Discussion in 'Glasses' started by MykalCrooks, Jun 20, 2006.

  1. MykalCrooks

    MykalCrooks Guest

    Ok, last October I decide to start wearing prescription lenses because the
    OTC reading-glasses shuffle was getting ridiculous. I am farsighted with
    presbyopia. I wear contacts to correct my distance vision, but now I'm
    thinking of also wearing prescription glasses over my contacts to correct
    for my presbyopia.

    Last October I asked here about the prudence of wearing eyeglasses with
    contacts -- to correct my farsightedness and eyeglasses to correct my
    presbyopia for viewing things at near and intermediate ranges. Responses to
    the query informed me that such a solution is doable and implemented
    frequently by at least some optical clinicians. So I went out and found a
    good eye doctor place, got an eye exam, and had contacts fitted. Since then,
    I've worn the contacts and have gotten quite used to them and now I'm ready
    for the second part of the solution -- choosing eyeglasses that I'll wear to
    supplement the contact lenses for viewing things clearly at intermediate and
    near ranges.

    The contacts I wear now are +1.25 in one eye and +1.50 in the other. That's
    all, and that does the trick for all distance viewing -- it works great for
    bicycle riding and driving and general outdoor use.

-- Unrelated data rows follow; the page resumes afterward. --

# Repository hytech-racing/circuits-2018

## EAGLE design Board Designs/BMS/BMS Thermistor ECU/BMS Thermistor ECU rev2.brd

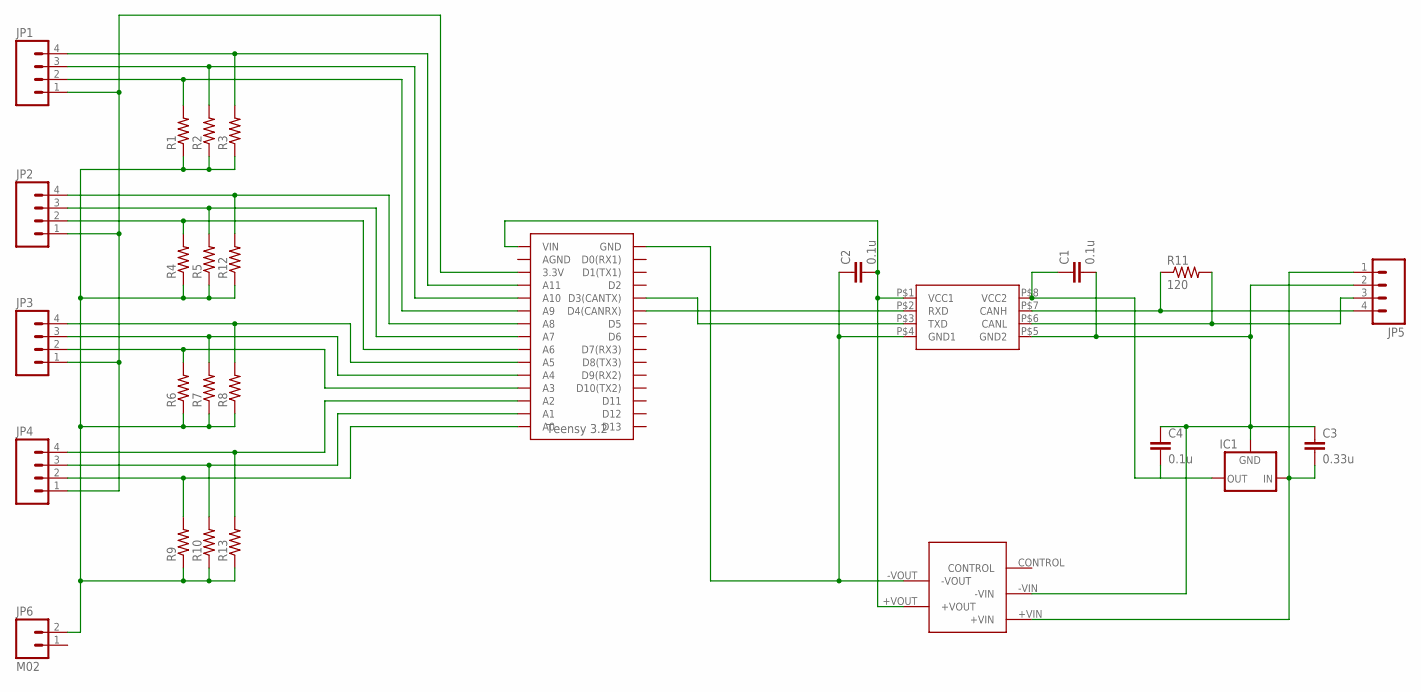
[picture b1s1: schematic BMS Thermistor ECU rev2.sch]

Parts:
C1, C2, C4: 0.1u; 0805
C3: 0.33u; 0805
IC1: 5VREG_L7805SPACED; TO-220-SPACED
JP1, JP2, JP3, JP4, JP5: M04; 1X04
JP6: M02; 1X02
R1, R2, R3, R4, R5, R6, R7, R8, R9, R10, R12, R13: RESISTOR0805-RES; 0805
R11: 120; 0805
U$1: TEENSY_3.2_12ANALOG
U$2: ISO1050CAN; DUB8
U$3: NCS1S1205SC-12V-5VCONVERTER; DCDC-CONVERTER

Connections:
3.3V: JP1.1, JP2.1, JP3.1, JP4.1, U$1.3.3V
unnamed: C1.2, C3.1, C4.1, IC1.2 (GND), JP5.2, U$2.P$5 (GND2), U$3.-VIN
unnamed: JP3.3, R7.2, U$1.A4
unnamed: JP3.4, R8.2, U$1.A5
unnamed: C3.2, IC1.1 (IN), JP5.1, U$3.+VIN
unnamed: C1.1, C4.2, IC1.3 (OUT), U$2.P$8 (VCC2)
unnamed: JP5.4, R11.1, U$2.P$7 (CANH)
unnamed: JP5.3, R11.2, U$2.P$6 (CANL)
unnamed: U$1.D3(CANTX), U$2.P$3 (TXD)
unnamed: U$1.D4(CANRX), U$2.P$2 (RXD)
unnamed: C2.2, U$1.VIN, U$2.P$1 (VCC1), U$3.+VOUT
unnamed: C2.1, U$1.GND, U$2.P$4 (GND1), U$3.-VOUT
unnamed: JP2.4, R12.2, U$1.A8
unnamed: JP4.4, R13.2, U$1.A2
THERM1: JP1.2, R1.2, U$1.A9
THERM2: JP1.3, R2.2, U$1.A10
THERM3: JP1.4, R3.2, U$1.A11
THERM4: JP2.2, R4.2, U$1.A6
THERM5: JP2.3, R5.2, U$1.A7
THERM6: JP3.2, R6.2, U$1.A3
THERM9: JP4.2, R9.2, U$1.A0
THERM10: JP4.3, R10.2, U$1.A1
TS_GND: JP6.2, R1.1, R2.1, R3.1, R4.1, R5.1, R6.1, R7.1, R8.1, R9.1, R10.1, R12.1, R13.1

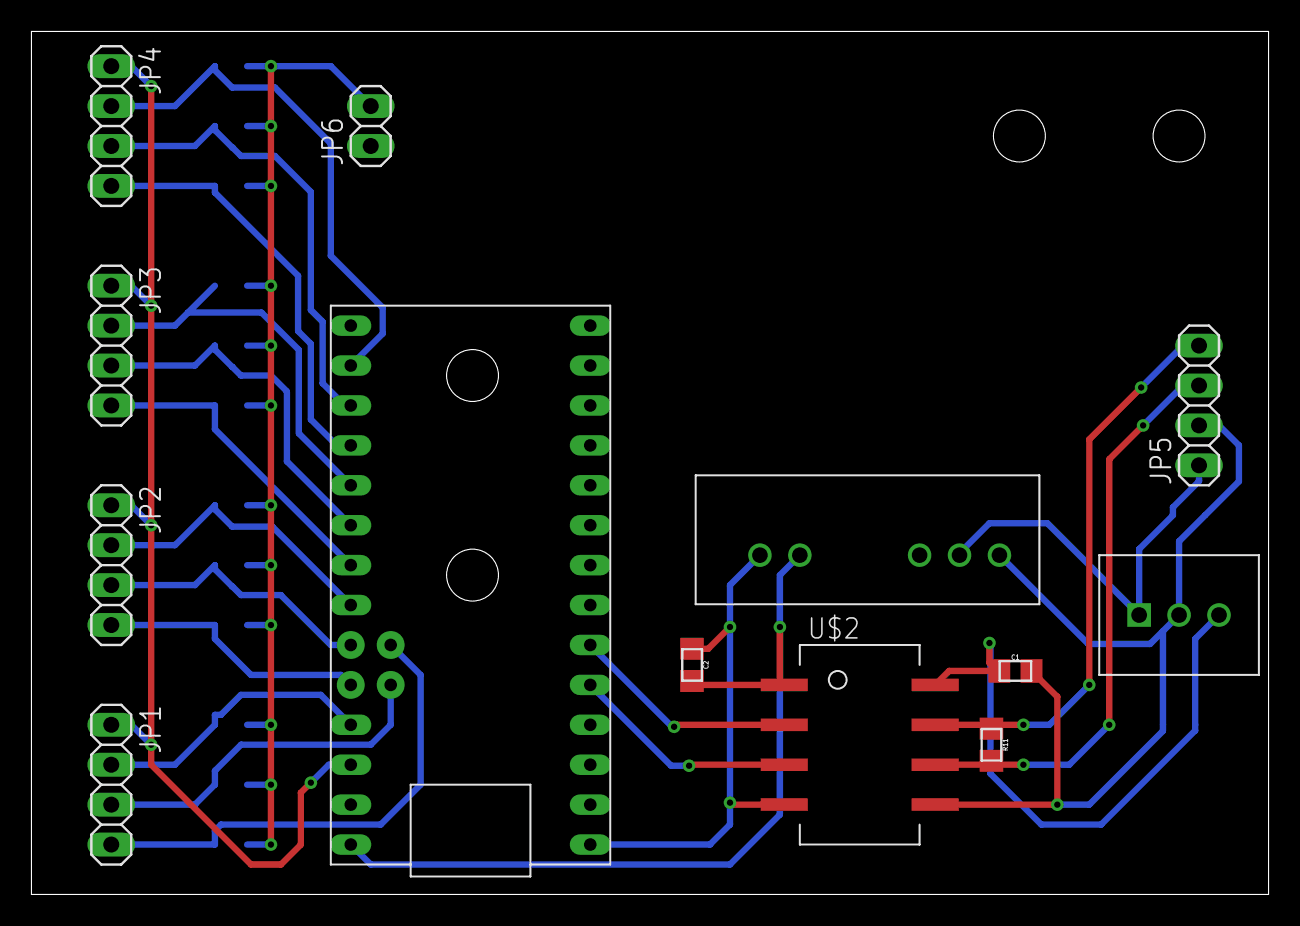
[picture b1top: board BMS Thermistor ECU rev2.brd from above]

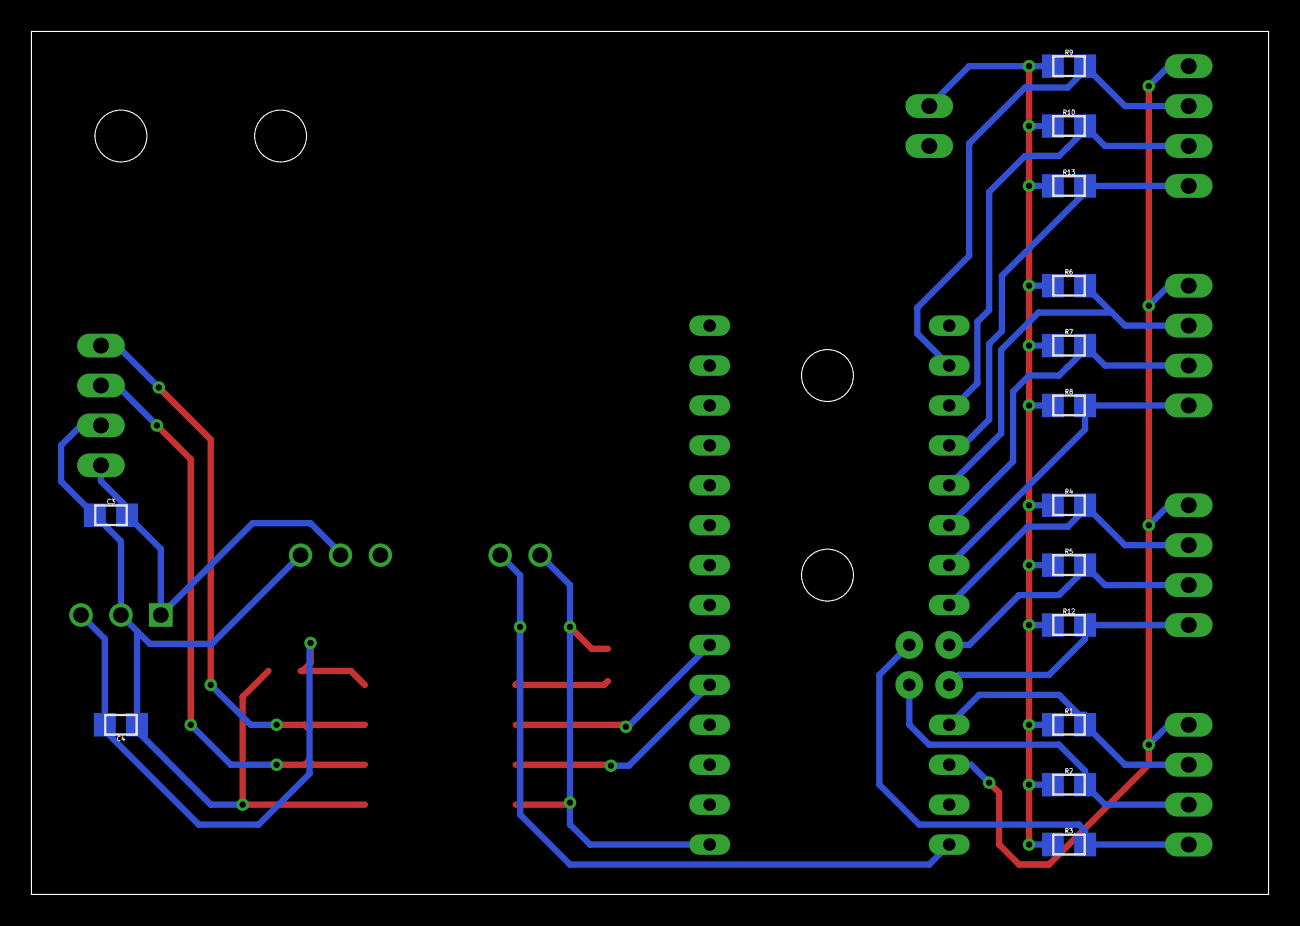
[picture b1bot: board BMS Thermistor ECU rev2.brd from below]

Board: 2 copper layers, 78.7 x 54.9 mm, 27 parts (14 on the bottom side), 23 nets.

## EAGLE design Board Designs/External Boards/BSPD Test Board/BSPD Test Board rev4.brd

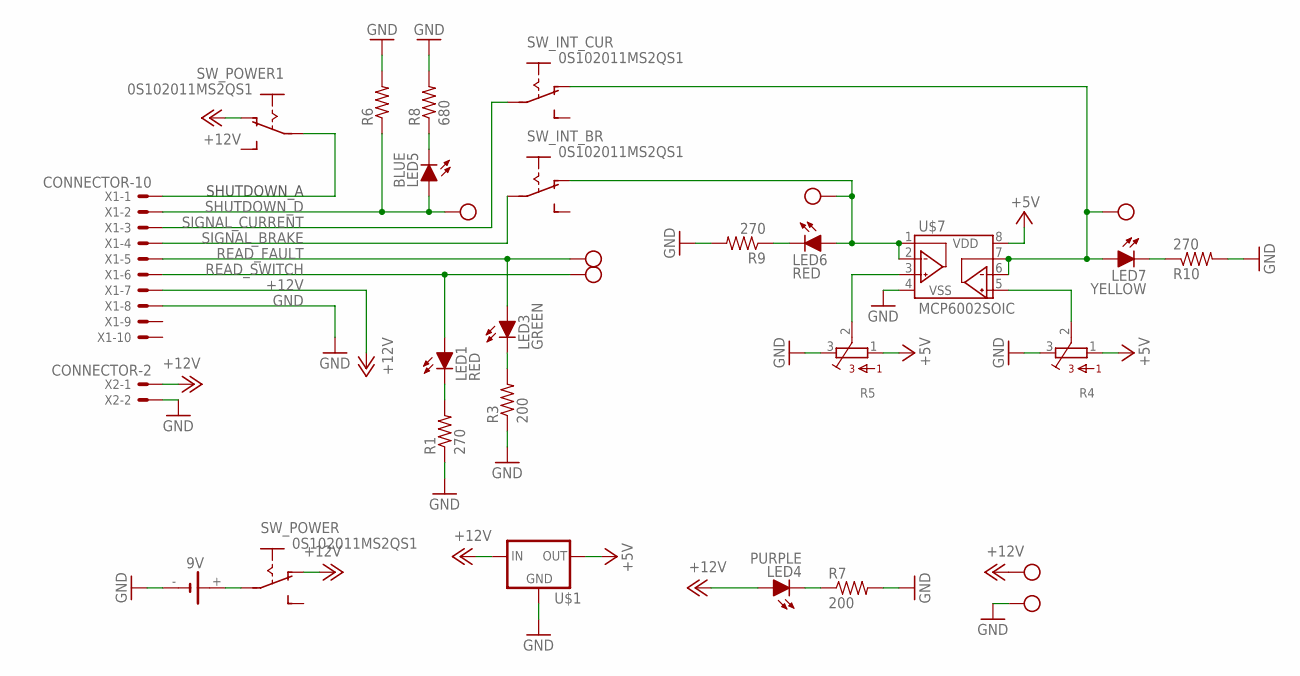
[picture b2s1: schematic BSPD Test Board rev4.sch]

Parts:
9V: 1291-79
LED1: RED; LED-5MM
LED3: GREEN; LED-5MM
LED4: PURPLE; LED-805
LED5: BLUE; LED-5MM
LED6: RED; LED-805
LED7: YELLOW; LED-805
R1, R9, R10: 270; 0805
R3, R7: 200; 0805
R4, R5: TRIMPOT_3296C; TRIMPOT_3296
R6: RESISTORPTH-1/2W; AXIAL-0.5
R8: 680; 0805
SW_INT_BR: 0S102011MS2QS1
SW_INT_CUR: 0S102011MS2QS1
SW_POWER, SW_POWER1: 0S102011MS2QS1
U$1: 5VREG_LM340-NLM340MPX-5.0/NOPB; SOT223
U$2, U$3, U$4, U$5, U$6, U$8, U$10: TEST_POINT
U$7: MCP6002SOIC; SOIC-08
X1: CONNECTOR-10; MINIFIT_5566-10
X2: CONNECTOR-2; MINIFIT_5566-2

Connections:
+5V: R4.1, R5.1, U$1.3 (OUT), U$7.8 (VDD)
+12V: LED4.A, SW_POWER.P$1 (O), SW_POWER1.P$1 (O), U$1.1 (IN), U$5.P$1, X1.7, X2.1
GND: 9V.-, R1.1, R3.1, R4.3, R5.3, R6.P$2 (2), R7.2, R8.2, R9.2, R10.2, U$1.2 (GND), U$1.4 (GND), U$6.P$1, U$7.4 (VSS), X1.8, X2.2
unnamed: LED1.K (C), R1.2
unnamed: LED3.K (C), R3.2
unnamed: R4.2, U$7.5 (VINB+)
unnamed: R5.2, U$7.3 (VINA+)
unnamed: 9V.+, SW_POWER.P$2
unnamed: LED4.C, R7.1
unnamed: LED6.A, SW_INT_BR.P$1 (O), U$3.P$1, U$7.1 (VOUTA), U$7.2 (VINA-)
unnamed: LED7.A, SW_INT_CUR.P$1 (O), U$2.P$1, U$7.6 (VINB-), U$7.7 (VOUTB)
unnamed: LED6.C, R9.1
unnamed: LED5.K (C), R8.1
unnamed: LED7.C, R10.1
unnamed: SW_POWER1.P$2, X1.1
READ_FAULT: LED3.A, U$8.P$1, X1.5
READ_SWITCH: LED1.A, U$10.P$1, X1.6
SHUTDOWN_D: LED5.A, R6.P$1 (1), U$4.P$1, X1.2
SIGNAL_BRAKE: SW_INT_BR.P$2, X1.4
SIGNAL_CURRENT: SW_INT_CUR.P$2, X1.3

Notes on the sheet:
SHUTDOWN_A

    To correct my presbyopia for viewing objects at closer ranges, I presently
    wear OTC reading glasses over the contacts. Consistent with my prescription,
    over the contacts I wear +1.25 glasses for intermediate range objects and
    +2.25 eyeglasses for viewing near objects. An example of an intermediate
    range object is my computer screen at 30" or a newspaper on a table 48"
    away. An example of a close range object is a book between 12" and 24" from
    my face. (To clearly view details of an object closer than 12", I need a
    greater diopter.

    My question is what kind of glasses will work best for wearing eyeglasses
    over my contacts? I've already decided I want to use a progressive lenses.
    Basically a lens with "Plano" correction for distance vision, with an Add of
    +1.25 for computer screen and intermediate and an Add of +2.50 for fine read

    I'm wondering if a Zeiss Gradal or Gradal Top (?) will work best. What I
    want is a lens that provides a wide field of view over the intermediate
    range instead of the narrow view that I understand is common to most
    progressives. Because I need no correction for distance vision out of the
    eyeglasses, I'm thinking that maybe it will be optically more feasible to
    have lenses that provide the wide intermediate view that I want. Also, I'm
    thinking about taller frames, like old-fashioned black horn rim glasses, so
    constraints imposed by limited height shouldn't be a big problem.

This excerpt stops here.